I’ve discovered that Boknoy and Tisoy have another affinity: Both are hyper, with short attention spans that mean they can’t sit still for more than a few minutes before rushing off. They’re so alike it’s gotten to the point where I’ll shout out
“Tisoy!” when Boknoy’s too noisy and “Boknoy!” when Tisoy’s getting hysterical over the many cats in the garden.
As boys go, the two have their secret worlds, and whispering conspiracies. One time I heard frantic knocking on the main door, and when I opened it, Tisoy pranced into the house. I had visitors, who looked at one another, impressed. “Did you train…” one of them began, but before I could answer, Boknoy came trailing behind, grinning like a Cheshire cat—and my visitors finally figured out who had done the knocking.

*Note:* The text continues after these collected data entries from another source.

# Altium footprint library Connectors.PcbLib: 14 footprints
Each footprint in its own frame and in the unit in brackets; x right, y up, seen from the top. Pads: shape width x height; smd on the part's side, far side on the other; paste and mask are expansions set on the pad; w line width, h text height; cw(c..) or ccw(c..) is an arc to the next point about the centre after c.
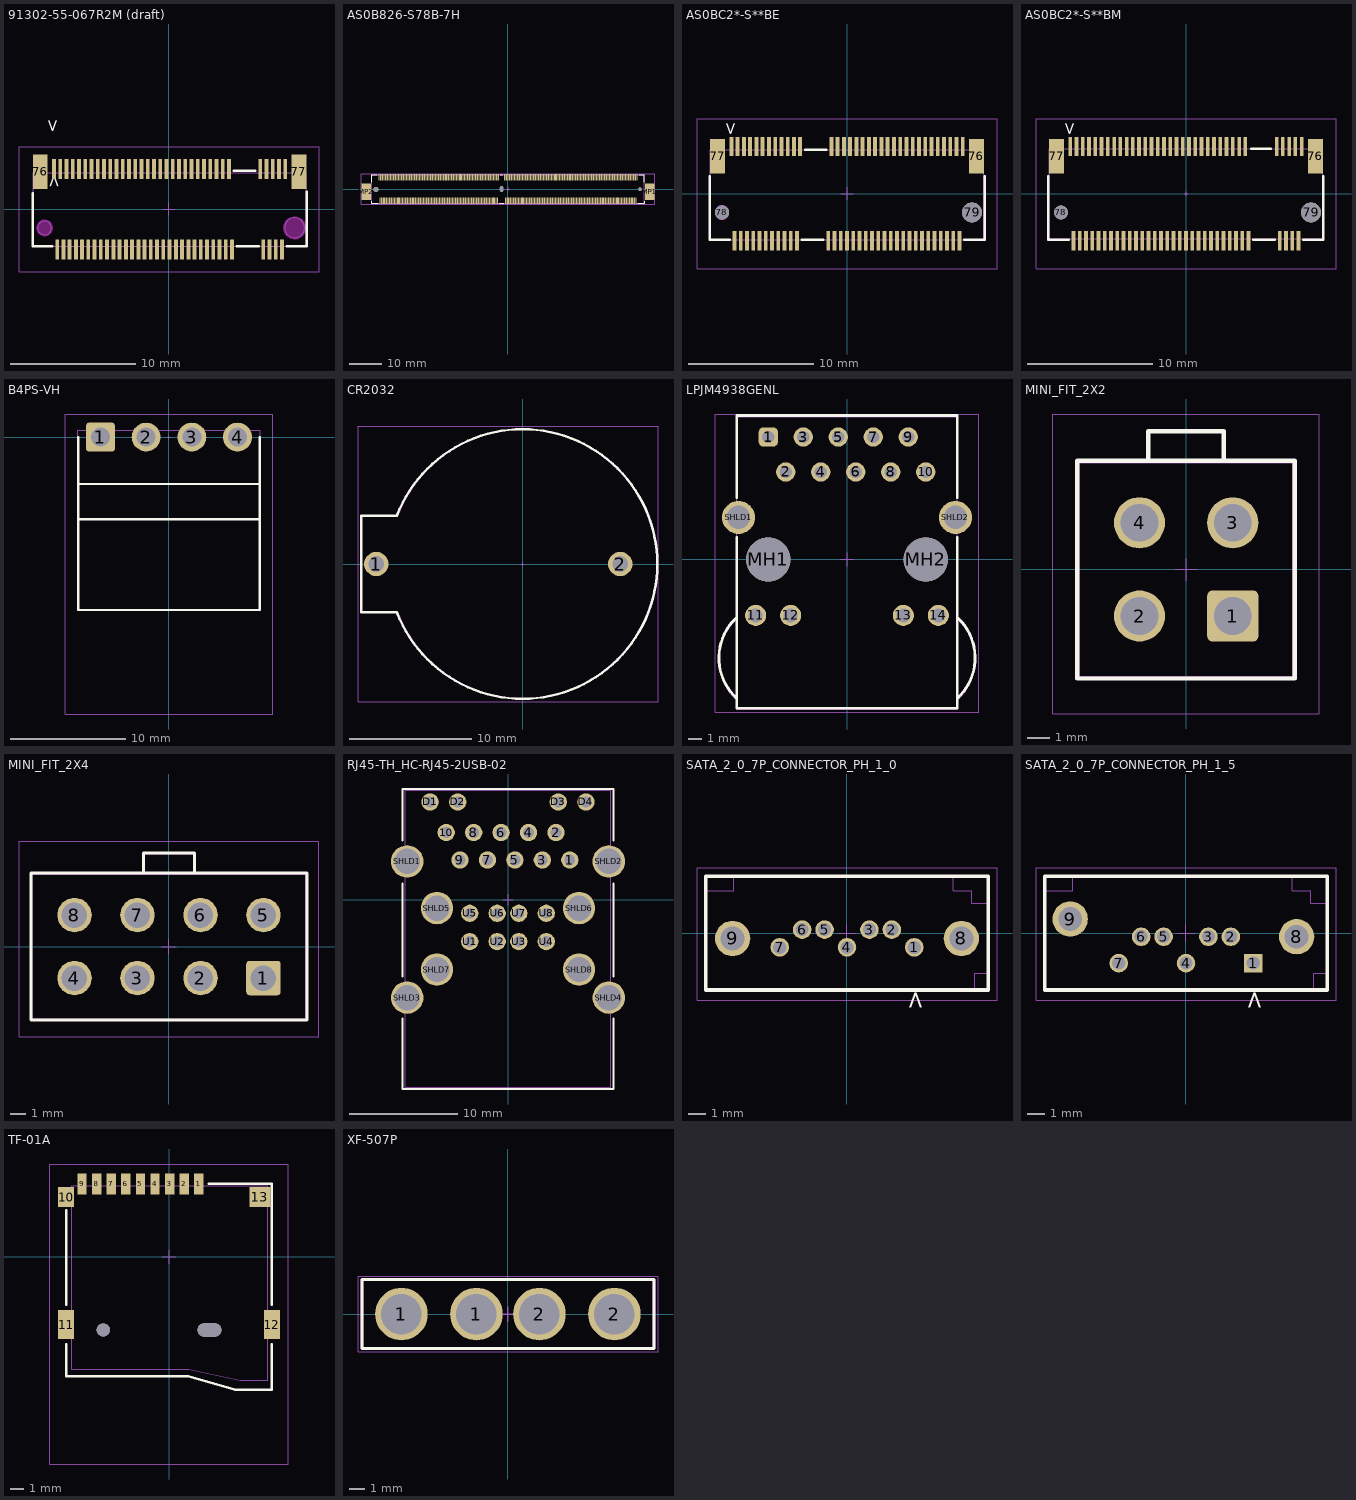
[diagram p0: the footprints below, top view; thin cyan lines are the x and y axes]

## 91302-55-067R2M (draft) [mil]
height 188.98
pads (69):
  rect 11.81x63 smd paste+0 mask+1.97: 1(-362.2,126.78) 2(-352.36,-127.16) 3(-342.52,126.78) 4(-332.67,-127.16) 5(-322.83,126.78) 6(-312.99,-127.16) 7(-303.15,126.78) 8(-293.3,-127.16) 9(-283.46,126.78) 10(-273.62,-127.16) 11(-263.78,126.78) 12(-253.94,-127.16) 13(-244.09,126.78) 14(-234.25,-127.16) 15(-224.41,126.78) 16(-214.57,-127.16) 17(-204.72,126.78) 18(-194.88,-127.16) 19(-185.04,126.78) 20(-175.19,-127.16) 21(-165.35,126.78) 22(-155.51,-127.16) 23(-145.67,126.78) 24(-135.82,-127.16) 25(-125.98,126.78) 26(-116.14,-127.16) 27(-106.3,126.78) 28(-96.45,-127.16) 29(-86.61,126.78) 30(-76.77,-127.16) 31(-66.93,126.78) 32(-57.09,-127.16) 33(-47.24,126.78) 34(-37.4,-127.16) 35(-27.56,126.78) 36(-17.72,-127.16) 37(-7.87,126.78) 38(1.97,-127.16) 39(11.81,126.78) 40(21.66,-127.16) 41(31.5,126.78) 42(41.34,-127.16) 43(51.18,126.78) 44(61.03,-127.16) 45(70.87,126.78) 46(80.71,-127.16) 47(90.55,126.78) 48(100.39,-127.16) 49(110.24,126.78) 50(120.08,-127.16) 51(129.92,126.78) 52(139.77,-127.16) 53(149.61,126.78) 54(159.45,-127.16) 55(169.29,126.78) 56(179.14,-127.16) 57(188.98,126.78) 58(198.82,-127.16) 67(297.24,-127.16) 68(287.4,126.78) 69(316.93,-127.16) 70(307.09,126.78) 71(336.61,-127.16) 72(326.77,126.78) 73(356.3,-127.16) 74(346.46,126.78) 75(366.14,126.78)
  rect 47.24x108.27 smd paste+0 mask+1.97: 76(-405.51,118.11) 77(409.45,118.11)
Top Overlay:
  lines w7.87: -428.74,49.81 -428.74,-117.12 -367.37,-117.12 ; 203.98,120.67 272.39,120.67 ; 213.82,-117.12 282.23,-117.12 ; 371.3,-117.12 433.46,-117.12 433.46,54.89
  text ">" at -383.84,284.46 h39.37
  text ">" at -344.49,65.94 h39.37
Keep-Out Layer:
  board cut-out: -370.08,-59.05 -370.08,-54.74 -373.38,-46.79 -379.47,-40.7 -387.43,-37.4 -396.04,-37.4 -404,-40.7 -410.09,-46.79 -413.38,-54.74 -413.38,-59.05 -413.38,-63.36 -410.09,-71.31 -404,-77.4 -396.04,-80.7 -387.43,-80.7 -379.47,-77.4 -373.38,-71.31 -370.08,-63.36
  board cut-out: 427.17,-59.05 427.17,-54.9 425.02,-46.89 420.87,-39.71 415.01,-33.84 407.83,-29.7 399.81,-27.55 391.52,-27.55 383.51,-29.7 376.33,-33.84 370.46,-39.71 366.31,-46.89 364.17,-54.9 364.17,-59.05 364.17,-63.2 366.31,-71.21 370.46,-78.39 376.33,-84.26 383.51,-88.4 391.52,-90.55 399.82,-90.55 407.83,-88.4 415.01,-84.26 420.87,-78.39 425.02,-71.21 427.17,-63.2
Keep-Out Layer:
  circle w10: c-391.73,-59.05 r21.65
  circle w1: c-391.73,-59.05 r21.65
  circle w10: c395.67,-59.05 r31.5
  circle w1: c395.67,-59.05 r31.5
Top Assembly:
  circle w1: c-391.73,-59.05 r21.65
  circle w1: c395.67,-59.05 r31.5
Top Courtyard:
  lines w1.97: -472.44,-196.85 472.45,-196.85 472.45,196.86 -472.44,196.86 -472.44,-196.85 ; -428.15,-117.12 432.09,-117.12 432.09,115.16 -428.15,115.16 -428.15,-117.12
Top Component Center:
  lines w1.97: -19.68,0 19.68,0 ; 0,-19.68 0,19.68
3D body "91302-55-067rde.stp": height 218.5, standoff -17.72, extent -430.12,-140.75 430.12,139.57

## AS0B826-S78B-7H [mm] "314pin MXM3.0 CONNECTOR"
height 7.8
pads (319):
  round 1.1 hole 1.1 unplated mask+0.05: MH1(41,-0.125)
  round 1.6 hole 1.6 unplated mask+0.05: MH2(-41,-0.125)
  oval 1x1.8 hole 1 slot 1.8 at 90 deg unplated mask+0.05: MH3(-2,0)
  rect 3x5.15 smd mask+0.05: MP1(44,-0.875) MP2(-44,-0.875)
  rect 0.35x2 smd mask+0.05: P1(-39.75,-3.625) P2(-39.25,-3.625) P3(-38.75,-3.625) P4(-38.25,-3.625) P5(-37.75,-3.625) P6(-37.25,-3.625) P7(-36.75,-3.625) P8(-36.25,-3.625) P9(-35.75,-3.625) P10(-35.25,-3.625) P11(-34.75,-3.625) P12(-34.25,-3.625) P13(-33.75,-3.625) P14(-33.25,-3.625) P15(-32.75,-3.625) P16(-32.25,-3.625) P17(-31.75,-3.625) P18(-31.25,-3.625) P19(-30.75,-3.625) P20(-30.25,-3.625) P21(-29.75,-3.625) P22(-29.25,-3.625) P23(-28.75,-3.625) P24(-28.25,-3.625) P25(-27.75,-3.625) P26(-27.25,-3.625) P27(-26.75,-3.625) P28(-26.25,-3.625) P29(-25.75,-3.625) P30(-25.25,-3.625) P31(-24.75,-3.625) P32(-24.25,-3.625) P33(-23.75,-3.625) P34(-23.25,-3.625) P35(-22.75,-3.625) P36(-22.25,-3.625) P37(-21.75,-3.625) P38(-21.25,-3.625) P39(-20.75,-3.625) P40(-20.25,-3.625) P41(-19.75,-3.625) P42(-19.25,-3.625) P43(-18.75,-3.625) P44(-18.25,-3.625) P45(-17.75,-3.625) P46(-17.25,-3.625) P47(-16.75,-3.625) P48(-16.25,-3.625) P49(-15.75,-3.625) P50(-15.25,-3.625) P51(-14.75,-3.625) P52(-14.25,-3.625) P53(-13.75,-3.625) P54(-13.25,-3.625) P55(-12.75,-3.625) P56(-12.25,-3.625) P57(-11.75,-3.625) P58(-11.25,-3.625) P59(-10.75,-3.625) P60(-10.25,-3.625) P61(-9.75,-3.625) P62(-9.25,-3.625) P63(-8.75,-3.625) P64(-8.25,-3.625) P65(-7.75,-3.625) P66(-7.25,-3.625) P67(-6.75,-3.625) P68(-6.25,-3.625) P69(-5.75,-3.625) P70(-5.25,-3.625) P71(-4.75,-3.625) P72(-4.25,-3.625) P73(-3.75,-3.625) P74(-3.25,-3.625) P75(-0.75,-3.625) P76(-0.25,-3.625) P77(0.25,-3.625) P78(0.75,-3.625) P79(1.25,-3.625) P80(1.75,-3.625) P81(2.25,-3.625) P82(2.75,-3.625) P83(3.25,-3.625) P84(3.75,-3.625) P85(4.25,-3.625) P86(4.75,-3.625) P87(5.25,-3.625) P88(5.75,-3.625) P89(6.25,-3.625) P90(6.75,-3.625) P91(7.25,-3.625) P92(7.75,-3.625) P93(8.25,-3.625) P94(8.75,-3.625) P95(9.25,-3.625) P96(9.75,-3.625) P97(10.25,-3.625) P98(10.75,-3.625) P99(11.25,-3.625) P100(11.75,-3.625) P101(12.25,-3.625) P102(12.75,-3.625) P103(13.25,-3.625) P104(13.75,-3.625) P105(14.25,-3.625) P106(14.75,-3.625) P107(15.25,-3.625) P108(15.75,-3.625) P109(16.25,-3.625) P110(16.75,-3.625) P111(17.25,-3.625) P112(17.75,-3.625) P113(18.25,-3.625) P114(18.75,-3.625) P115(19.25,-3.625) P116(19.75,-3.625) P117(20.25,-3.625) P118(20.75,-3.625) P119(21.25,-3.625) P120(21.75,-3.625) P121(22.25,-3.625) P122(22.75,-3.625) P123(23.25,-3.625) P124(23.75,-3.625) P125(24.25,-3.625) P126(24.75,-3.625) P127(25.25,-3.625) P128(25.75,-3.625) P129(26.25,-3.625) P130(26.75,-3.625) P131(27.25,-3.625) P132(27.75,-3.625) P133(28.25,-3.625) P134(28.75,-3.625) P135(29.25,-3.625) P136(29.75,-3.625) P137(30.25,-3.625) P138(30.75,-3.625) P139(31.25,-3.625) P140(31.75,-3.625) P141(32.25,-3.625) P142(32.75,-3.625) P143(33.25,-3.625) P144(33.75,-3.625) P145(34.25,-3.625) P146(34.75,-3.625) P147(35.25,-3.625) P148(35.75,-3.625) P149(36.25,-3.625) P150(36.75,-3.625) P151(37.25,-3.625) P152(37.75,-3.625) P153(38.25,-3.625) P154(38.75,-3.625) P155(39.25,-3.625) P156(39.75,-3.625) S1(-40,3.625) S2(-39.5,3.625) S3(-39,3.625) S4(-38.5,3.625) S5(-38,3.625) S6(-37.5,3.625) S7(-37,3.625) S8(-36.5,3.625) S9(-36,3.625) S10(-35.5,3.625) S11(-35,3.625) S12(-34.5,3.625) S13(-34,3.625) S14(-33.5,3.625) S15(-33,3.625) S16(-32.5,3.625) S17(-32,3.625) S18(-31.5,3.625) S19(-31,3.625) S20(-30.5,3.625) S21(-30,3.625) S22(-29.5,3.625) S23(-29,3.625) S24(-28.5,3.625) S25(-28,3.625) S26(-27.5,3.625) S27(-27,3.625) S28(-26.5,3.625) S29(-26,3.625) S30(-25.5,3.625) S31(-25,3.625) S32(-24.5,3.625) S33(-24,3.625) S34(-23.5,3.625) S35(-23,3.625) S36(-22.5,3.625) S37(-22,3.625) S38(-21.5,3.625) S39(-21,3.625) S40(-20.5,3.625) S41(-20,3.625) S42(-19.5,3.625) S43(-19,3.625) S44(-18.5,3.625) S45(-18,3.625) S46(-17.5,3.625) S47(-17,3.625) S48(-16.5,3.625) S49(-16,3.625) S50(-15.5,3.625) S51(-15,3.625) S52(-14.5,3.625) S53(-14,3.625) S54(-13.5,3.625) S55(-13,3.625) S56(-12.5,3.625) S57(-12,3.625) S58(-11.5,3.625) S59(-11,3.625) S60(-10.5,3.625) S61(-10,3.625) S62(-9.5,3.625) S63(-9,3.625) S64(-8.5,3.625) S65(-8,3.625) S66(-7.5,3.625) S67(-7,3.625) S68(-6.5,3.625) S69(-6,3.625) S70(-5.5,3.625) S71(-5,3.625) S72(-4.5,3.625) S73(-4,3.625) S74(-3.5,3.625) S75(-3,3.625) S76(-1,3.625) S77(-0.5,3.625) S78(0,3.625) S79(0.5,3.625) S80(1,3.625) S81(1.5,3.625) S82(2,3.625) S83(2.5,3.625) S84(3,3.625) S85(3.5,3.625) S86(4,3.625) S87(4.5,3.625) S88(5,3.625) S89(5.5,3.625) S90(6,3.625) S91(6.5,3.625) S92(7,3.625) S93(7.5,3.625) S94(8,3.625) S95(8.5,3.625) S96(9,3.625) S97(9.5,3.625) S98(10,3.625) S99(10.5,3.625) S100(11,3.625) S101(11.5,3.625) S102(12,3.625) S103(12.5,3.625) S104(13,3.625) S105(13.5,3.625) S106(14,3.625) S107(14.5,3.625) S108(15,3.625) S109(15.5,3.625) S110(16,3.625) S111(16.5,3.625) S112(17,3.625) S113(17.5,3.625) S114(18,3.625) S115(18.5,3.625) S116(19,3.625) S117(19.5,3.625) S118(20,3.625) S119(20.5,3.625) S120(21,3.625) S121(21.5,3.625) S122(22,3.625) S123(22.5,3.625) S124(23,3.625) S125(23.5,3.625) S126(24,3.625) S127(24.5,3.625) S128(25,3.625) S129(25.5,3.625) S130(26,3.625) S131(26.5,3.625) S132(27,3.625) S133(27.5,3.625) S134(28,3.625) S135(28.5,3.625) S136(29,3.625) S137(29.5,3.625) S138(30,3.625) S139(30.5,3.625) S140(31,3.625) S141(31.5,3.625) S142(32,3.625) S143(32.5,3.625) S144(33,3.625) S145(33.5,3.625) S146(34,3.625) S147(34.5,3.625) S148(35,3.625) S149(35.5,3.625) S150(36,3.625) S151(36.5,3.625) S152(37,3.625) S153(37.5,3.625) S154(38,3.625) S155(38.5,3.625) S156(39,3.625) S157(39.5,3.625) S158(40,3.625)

Talk about sharing brothers. One day at a fast-food place, the teller asked what name to put down on our order. Boknoy put his paws, I mean his hands, on the counter and whined, “Tisoy,” which the teller dutifully wrote down on the receipt.
Since then Boknoy has practically stolen Tisoy’s name, using it like crazy. One day I passed the two and overheard
Boknoy saying, “Look, Bro,” as he showed Tisoy a receipt. I looked at it and it read: “Tisoy—chubby boy with earrings,” to guide the food servers when the order had to be delivered.
I went about my work, then suddenly realized that the two were planning something. “Boknoy,” I called out, almost in panic. “You are not going to put earrings on Bro!”
“How did you guess?” he called back.
It can be a lonely life for a solo-parented, home-schooled kid, so a canine sibling helps immensely. We all have grand visions of dogs teaching children responsibility but we should be happy, too, with the basic, but important, role of dogs providing companionship and friendship. Throw in a sense of gratitude (as in don’t bite the hand that feeds you).
Last week Boknoy came up to me and shared a joke about a kid complaining, “I asked for a monster truck and got a sister,” complete with a photo from the internet of a little scowling boy carrying his new sister.
I retold Boknoy one of his favorite stories: “You know, your ate would nag me, long before you came along, about being lonely and asking if we could go to the grocery and get her a kapatid (sibling). So one day I came home and told her, Surprise, look what I got you!”
“Me!” Boknoy proclaimed. This time around he had a new story line of how his ate hated him at first sight and complaining: “I asked for a kapatid and you gave me a monster.”
Boys love to be hated by their sisters, so that didn’t matter. Anyway, after that grocery story he called out to Tisoy to give me a double hug with a request: “Can we go to the grocery so you can get me and Tisoy another brother? Please, please?”
Another four-legged son? I must admit that I thought, Why not? Fortunately, I snapped out of that temporary moment of insanity. I love my two sons—the dog and the dog whisperer—and their sisters (now, how many are they?) And that’s why I have to say, Tama na, sobra na (Enough). That’s it, folks!